TASK TO COMPLETE: Exact transcription begins at the first line of the material below and ends with the line holding "line L2 (-11.654, 34) -> (-11.654, 56.5)"; pictures are skipped.

DATA UNDER STUDY:

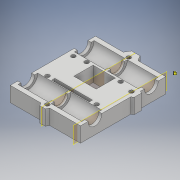
# Autodesk Inventor part: custom
Saved by Autodesk Inventor 2018 (Build 220112000, 112)
## iProperties
Created: 2017-08-29
Part Number: custom
Material: Generic
Document SubType Name: Modeling
Designer: Jasper
Density: 1 g/cm^3
Appearance: Default
Author: Jasper
Autodesk Inventor part; units mm, degrees
ref_plane "YZ Plane" through (0, 0, 0) normal (1, 0, 0) x (0, 1, 0)
ref_plane "XZ Plane" through (0, 0, 0) normal (0, 1, 0) x (-1, 0, 0)
ref_plane "XY Plane" through (0, 0, 0) normal (0, 0, 1) x (1, 0, 0)
sketch "Sketch1" plane through (0, 0, 0) normal (0, 0, 1) x (1, 0, 0)
  line L0 (-28, -34) -> (28, -34)
  line L1 (28, -34) -> (28, 34)
  line L2 (28, 34) -> (-28, 34)
  line L3 (-28, 34) -> (-28, -34)
  line L4 (-28, -34) -> (28, 34) construction
  line L5 (28, -34) -> (-28, 34) construction
  point P0 (0, 0)
  dimension "d0" = 56
  dimension "d1" = 68
  constraints: 12 end point, 2 midpoint, 2 parallel, 1 horizontal, 1 perpendicular
  measures "d0" distance of L1.end L2.end
  measures "d1" distance of L0.end L1.end
extrude "Extrusion1" add sketch "Sketch1" along normal blind 12
sketch "Sketch2" plane through (28, -34, 0) normal (1, 0, 0) x (0, 0, -1)
  line L0 (0, 34) -> (-11.654, 34)
  line L1 (-11.654, 34) -> (-11.654, 11.5)
  line L2 (-11.654, 34) -> (-11.654, 56.5)
  circle A0 centre (-11.654, 11.5) radius 5.5
  circle A1 centre (-11.654, 56.5) radius 5.5
  dimension "d4" = 22.5
  dimension "d5" = 11
  dimension "d6" = 11
  constraints: 6 end point, 2 centre point, 2 coincident, 1 horizontal, 1 perpendicular, 1 symmetric about line
  measures "d4" distance of L0.end L1.end
  measures "d5" diameter of A0
  measures "d6" diameter of A1
extrude "Extrusion2" cut sketch "Sketch2" against normal up to surface (56 mm away)
ref_plane "Work Plane1" through (25.5, -34, 0) normal (1, 0, 0) x (0, 0, -1)
sketch "Sketch3" plane through (25.5, -34, 0) normal (1, 0, 0) x (0, 0, -1)
  line L0 (-12, 51.0109) -> (-12, 16.9891) projected
  line L1 (-12, 61.9891) -> (-12, 68) projected
  line L2 (-12, 51.0109) -> (-12, 61.9891)
  line L3 (-12, 16.9891) -> (-12, 6.0109)
  circle A0 centre (-12, 11.5) radius 7.85
  circle A1 centre (-12, 56.5) radius 7.85
  point P0 (0, 34)
  dimension "d9" = 15.7
  dimension "d10" = 15.7
  constraints: 4 end point, 2 centre point, 2 midpoint, 2 vertical
  measures "d9" diameter of A0
  measures "d10" diameter of A1
extrude "Extrusion3" cut sketch "Sketch3" against normal blind 24.5
ref_plane "Work Plane2" through (0, -34, 0) normal (1, 0, 0) x (0, 0, -1)
mirror "Mirror1" about plane through (0, -34, 0) normal (1, 0, 0) of "Extrusion3"
sketch "Sketch10" plane through (0, 0, 12) normal (0, 0, 1) x (1, 0, 0)
  line L0 (-8.9, 12.925) -> (8.9, 12.925)
  line L1 (8.9, 14.65) -> (8.9, -2.375)
  line L2 (8.9, -2.375) -> (-8.9, -2.375)
  line L3 (-8.9, -2.375) -> (-8.9, 12.925)
  line L4 (10.4, -4.375) -> (-10.4, -4.375) projected
  line L5 (10.4, 10.325) -> (10.4, -4.375) projected
  line L6 (-10.4, -4.375) -> (-10.4, 10.325) projected
  line L7 (-1, 14.65) -> (-25.5, 14.65) projected
  line L8 (-28, 17.0109) -> (-28, -17.0109) projected
  line L9 (28, -17.0109) -> (28, 17.0109) projected
  line L10 (-28, 10.325) -> (28, 10.325) projected
  line L11 (25.5, 14.65) -> (1, 14.65) projected
  line L12 (-1, -15.073) -> (1, -15.073)
  line L13 (0, -15.073) -> (0, -10.325)
  line L14 (28, -10.325) -> (-28, -10.325) projected
  line L15 (-15, -13.999) -> (15, -13.999)
  line L16 (15, -13.999) -> (15, -11.399)
  line L17 (15, -11.399) -> (-15, -11.399)
  line L18 (-15, -11.399) -> (-15, -13.999)
  line L19 (-15, -13.999) -> (15, -11.399) construction
  line L20 (15, -13.999) -> (-15, -11.399) construction
  line L21 (1, -14.65) -> (25.5, -14.65) projected
  point P0 (0, 0)
  point P1 (-28, 6.925)
  point P2 (28, 4.325)
  point P3 (21.4, 10.325)
  point P4 (0, -12.699)
  dimension "d82" = 2
  dimension "d83" = 1.5
  dimension "d84" = 1.5
  dimension "d105" = 15.3
  dimension "d116" = 2.6
  dimension "d117" = 30
  dimension "d152" = 0.651
  constraints: 24 end point, 5 midpoint, 4 parallel, 3 horizontal, 2 perpendicular, 2 point on line
  measures "d82" distance between parallel lines of L4 L2
  measures "d83" distance between parallel lines of L5 L1
  measures "d84" distance between parallel lines of L6 L3
  measures "d105" distance between parallel lines of L2 L0
  measures "d116" distance of L15.end L16.end
  measures "d117" distance of L15.start L15.end
  measures "d152" distance between parallel lines of L21 L15
extrude "Extrusion9" cut sketch "Sketch10" against normal up to surface (12 mm away) contours L17 L16 L15 L13 | L13 L15 L18 L17 | L0 L1 L10 L3 | L10 L1 L2 L3
sketch "Sketch12" plane through (0, 0, 12) normal (0, 0, 1) x (1, 0, 0)
  line L0 (-28, 10.325) -> (28, 10.325) projected
  line L1 (-10.4, 10.325) -> (-8.9, 10.325)
  line L2 (-8.9, 12.925) -> (-8.9, -2.375) projected
  line L3 (-1, 14.65) -> (-25.5, 14.65) projected
  line L4 (-8.9, 14.65) -> (-8.9, 10.325)
  line L5 (-8.9, 12.4875) -> (-13.55, 12.4875) construction
  circle A0 centre (-13.55, 12.4875) radius 1.65
  line L6 (28, -17.0109) -> (28, 17.0109) construction
  line L7 (28, 5.325) -> (21.4, 5.325) construction
  line L8 (21.4, 5.325) -> (21.4, 14.65) construction
  line L9 (21.4, 14.65) -> (28, 14.65) construction
  line L10 (28, 14.65) -> (28, 5.325) construction
  line L11 (21.4, 5.825) -> (21.4, 10.325) construction
  line L12 (25.5, 14.65) -> (1, 14.65) projected
  line L13 (21.4, 14.65) -> (28, 5.325) construction
  circle A1 centre (24.7, 9.9875) radius 1.65
  line L14 (-28, -34) -> (28, -34) projected
  line L15 (0, -34) -> (0, 34)
  circle A2 centre (13.55, 12.4875) radius 1.65
  line L16 (-15, -11.399) -> (-15, -13.999) projected
  line L17 (-15, -12.699) -> (-19.65, -12.699) construction
  circle A3 centre (-19.65, -12.699) radius 1.65
  circle A4 centre (19.65, -12.699) radius 1.65
  line L18 (-28, 7.925) -> (-18, 7.925) construction
  line L19 (-18, 7.925) -> (-18, 14.65) construction
  line L20 (-18, 14.65) -> (-28, 14.65) construction
  line L21 (-28, 14.65) -> (-28, 7.925) construction
  line L22 (-18, 10.325) -> (-18, 8.425) construction
  line L23 (-28, 14.65) -> (-18, 7.925) construction
  circle A5 centre (-23, 11.2875) radius 1.65
  line L24 (-28, 30.85) -> (28, 30.85) construction
  circle A6 centre (0, 32.5) radius 1.65
  line L25 (-25.5, 30.35) -> (-1, 30.35) projected
  line L26 (28, -34) -> (28, 34) projected
  line L27 (28, 0) -> (-28, 0)
  line L28 (-28, -30.85) -> (28, -30.85) construction
  circle A7 centre (0, -32.5) radius 1.65
  point P0 (0, 0)
  dimension "d118" = 4.65
  dimension "d119" = 3.3
  dimension "d121" = 3.3
  dimension "d122" = 4.65
  dimension "d123" = 3.3
  dimension "d124" = 3.3
  dimension "d125" = 3.3
  dimension "d126" = 0.5
  constraints: 36 end point, 8 centre point, 7 horizontal, 6 midpoint, 5 symmetric about line, 4 collinear, 4 parallel, 3 perpendicular, 3 point on line, 2 coincident, 1 tangent, 1 vertical, 3 other
  measures "d118" distance of L5.start L5.end
  measures "d119" diameter of A0
  measures "d121" diameter of A1
  measures "d122" distance of L17.start L17.end
  measures "d123" diameter of A3
  measures "d124" diameter of A5
  measures "d125" diameter of A6
  measures "d126" distance between parallel lines of L25 L24
extrude "Extrusion11" cut sketch "Sketch12" against normal up to surface (12 mm away) contours A6 | A5 L0 | L0 A5 | A1 L0 | L0 A1 | A7 L14 L15 | L15 L14 A7 | L14 A7 | A0 | A2 | A3 | A4
sketch "Sketch13" plane through (0, 0, 0) normal (0, 0, -1) x (-1, 0, 0)
  line L0 (3.4064, 38.1506) -> (5.8027, 34)
  line L1 (-5.8027, 34) -> (-3.4064, 38.1506)
  line L2 (-3.4064, 38.1506) -> (3.4064, 38.1506)
  line L3 (0, 34) -> (0, 32.2506)
  line L4 (-28, 34) -> (28, 34) projected
  line L5 (-28, 34) -> (28, 34) projected
  line L6 (-5.8027, 34) -> (5.8027, 34)
  line L7 (-28, -34) -> (-28, 34) projected
  line L8 (-28, 0) -> (28, 0)
  circle A0 centre (-24.7, 9.9875) radius 1.65 projected
  line L9 (-29.7, 12.8743) -> (-24.7, 15.761)
  line L10 (-24.7, 15.761) -> (-19.7, 12.8743)
  line L11 (-19.7, 12.8743) -> (-19.7, 7.1007)
  line L12 (-19.7, 7.1007) -> (-24.7, 4.214)
  line L13 (-24.7, 4.214) -> (-29.7, 7.1007)
  line L14 (-29.7, 7.1007) -> (-29.7, 12.8743)
  line L15 (-28, 13.8557) -> (-28, 6.1193)
  circle A1 centre (0, -32.5) radius 1.65 projected
  line L16 (-2.189, -36.2915) -> (-3.512, -34)
  line L17 (3.512, -34) -> (2.189, -36.2915)
  line L18 (2.189, -36.2915) -> (-2.189, -36.2915)
  line L19 (28, -34) -> (-28, -34) projected
  line L20 (-3.512, -34) -> (3.512, -34)
  point P0 (0, 0)
  dimension "d131" = 1.7494
  dimension "d142" = 10
  constraints: 34 end point, 8 point on line, 4 coincident, 2 midpoint, 1 horizontal, 1 vertical, 21 other
  measures "d131" distance of L3.start L3.end
  measures "d142" distance between parallel lines of L11 L14
extrude "Extrusion12" add sketch "Sketch13" against normal up to surface (12 mm away) contours L19 A1 L17 L18 L16 | L7 L13 L14 L9 | L0 L4 L1 L2 | L19 A1 picked at (-0.1173, -34.0374)
sketch "Sketch14" plane through (0, 0, 0) normal (0, 0, -1) x (-1, 0, 0)
  circle A0 centre (0, 32.5) radius 1.65 projected
  line L0 (-1.65, 32.5) -> (1.65, 32.5) construction
  line L1 (1.7321, 35.5) -> (3.4641, 32.5)
  line L2 (3.4641, 32.5) -> (1.7321, 29.5)
  line L3 (1.7321, 29.5) -> (-1.7321, 29.5)
  line L4 (-1.7321, 29.5) -> (-3.4641, 32.5)
  line L5 (-3.4641, 32.5) -> (-1.7321, 35.5)
  line L6 (-1.7321, 35.5) -> (1.7321, 35.5)
  circle A1 centre (23, 11.2875) radius 1.65 projected
  line L7 (26, 9.5554) -> (23, 7.8234)
  line L8 (23, 7.8234) -> (20, 9.5554)
  line L9 (20, 9.5554) -> (20, 13.0196)
  line L10 (20, 13.0196) -> (23, 14.7516)
  line L11 (23, 14.7516) -> (26, 13.0196)
  line L12 (26, 13.0196) -> (26, 9.5554)
  circle A2 centre (-24.7, 9.9875) radius 1.65 projected
  line L13 (-27.7, 11.7196) -> (-24.7, 13.4516)
  line L14 (-24.7, 13.4516) -> (-21.7, 11.7196)
  line L15 (-21.7, 11.7196) -> (-21.7, 8.2554)
  line L16 (-21.7, 8.2554) -> (-24.7, 6.5234)
  line L17 (-24.7, 6.5234) -> (-27.7, 8.2554)
  line L18 (-27.7, 8.2554) -> (-27.7, 11.7196)
  circle A3 centre (0, -32.5) radius 1.65 projected
  line L19 (1.7321, -29.5) -> (3.4641, -32.5)
  line L20 (3.4641, -32.5) -> (1.7321, -35.5)
  line L21 (1.7321, -35.5) -> (-1.7321, -35.5)
  line L22 (-1.7321, -35.5) -> (-3.4641, -32.5)
  line L23 (-3.4641, -32.5) -> (-1.7321, -29.5)
  line L24 (-1.7321, -29.5) -> (1.7321, -29.5)
  point P0 (0, 0)
  dimension "d138" = 6
  dimension "d139" = 6
  dimension "d140" = 6
  dimension "d141" = 6
  constraints: 50 end point, 4 coincident, 2 point on circle, 1 horizontal, 52 other
  measures "d138" distance between parallel lines of L3 L6
  measures "d139" distance between parallel lines of L12 L9
  measures "d140" distance between parallel lines of L15 L18
  measures "d141" distance between parallel lines of L21 L24
extrude "Extrusion13" cut sketch "Sketch14" against normal blind 3.1
body "Solid1"

ANSWER TO THIS EXERCISE:
# Autodesk Inventor part: custom
Saved by Autodesk Inventor 2018 (Build 220112000, 112)
## iProperties
Created: 2017-08-29
Part Number: custom
Material: Generic
Document SubType Name: Modeling
Designer: Jasper
Density: 1 g/cm^3
Appearance: Default
Author: Jasper
Autodesk Inventor part; units mm, degrees
ref_plane "YZ Plane" through (0, 0, 0) normal (1, 0, 0) x (0, 1, 0)
ref_plane "XZ Plane" through (0, 0, 0) normal (0, 1, 0) x (-1, 0, 0)
ref_plane "XY Plane" through (0, 0, 0) normal (0, 0, 1) x (1, 0, 0)
sketch "Sketch1" plane through (0, 0, 0) normal (0, 0, 1) x (1, 0, 0)
  line L0 (-28, -34) -> (28, -34)
  line L1 (28, -34) -> (28, 34)
  line L2 (28, 34) -> (-28, 34)
  line L3 (-28, 34) -> (-28, -34)
  line L4 (-28, -34) -> (28, 34) construction
  line L5 (28, -34) -> (-28, 34) construction
  point P0 (0, 0)
  dimension "d0" = 56
  dimension "d1" = 68
  constraints: 12 end point, 2 midpoint, 2 parallel, 1 horizontal, 1 perpendicular
  measures "d0" distance of L1.end L2.end
  measures "d1" distance of L0.end L1.end
extrude "Extrusion1" add sketch "Sketch1" along normal blind 12
sketch "Sketch2" plane through (28, -34, 0) normal (1, 0, 0) x (0, 0, -1)
  line L0 (0, 34) -> (-11.654, 34)
  line L1 (-11.654, 34) -> (-11.654, 11.5)
  line L2 (-11.654, 34) -> (-11.654, 56.5)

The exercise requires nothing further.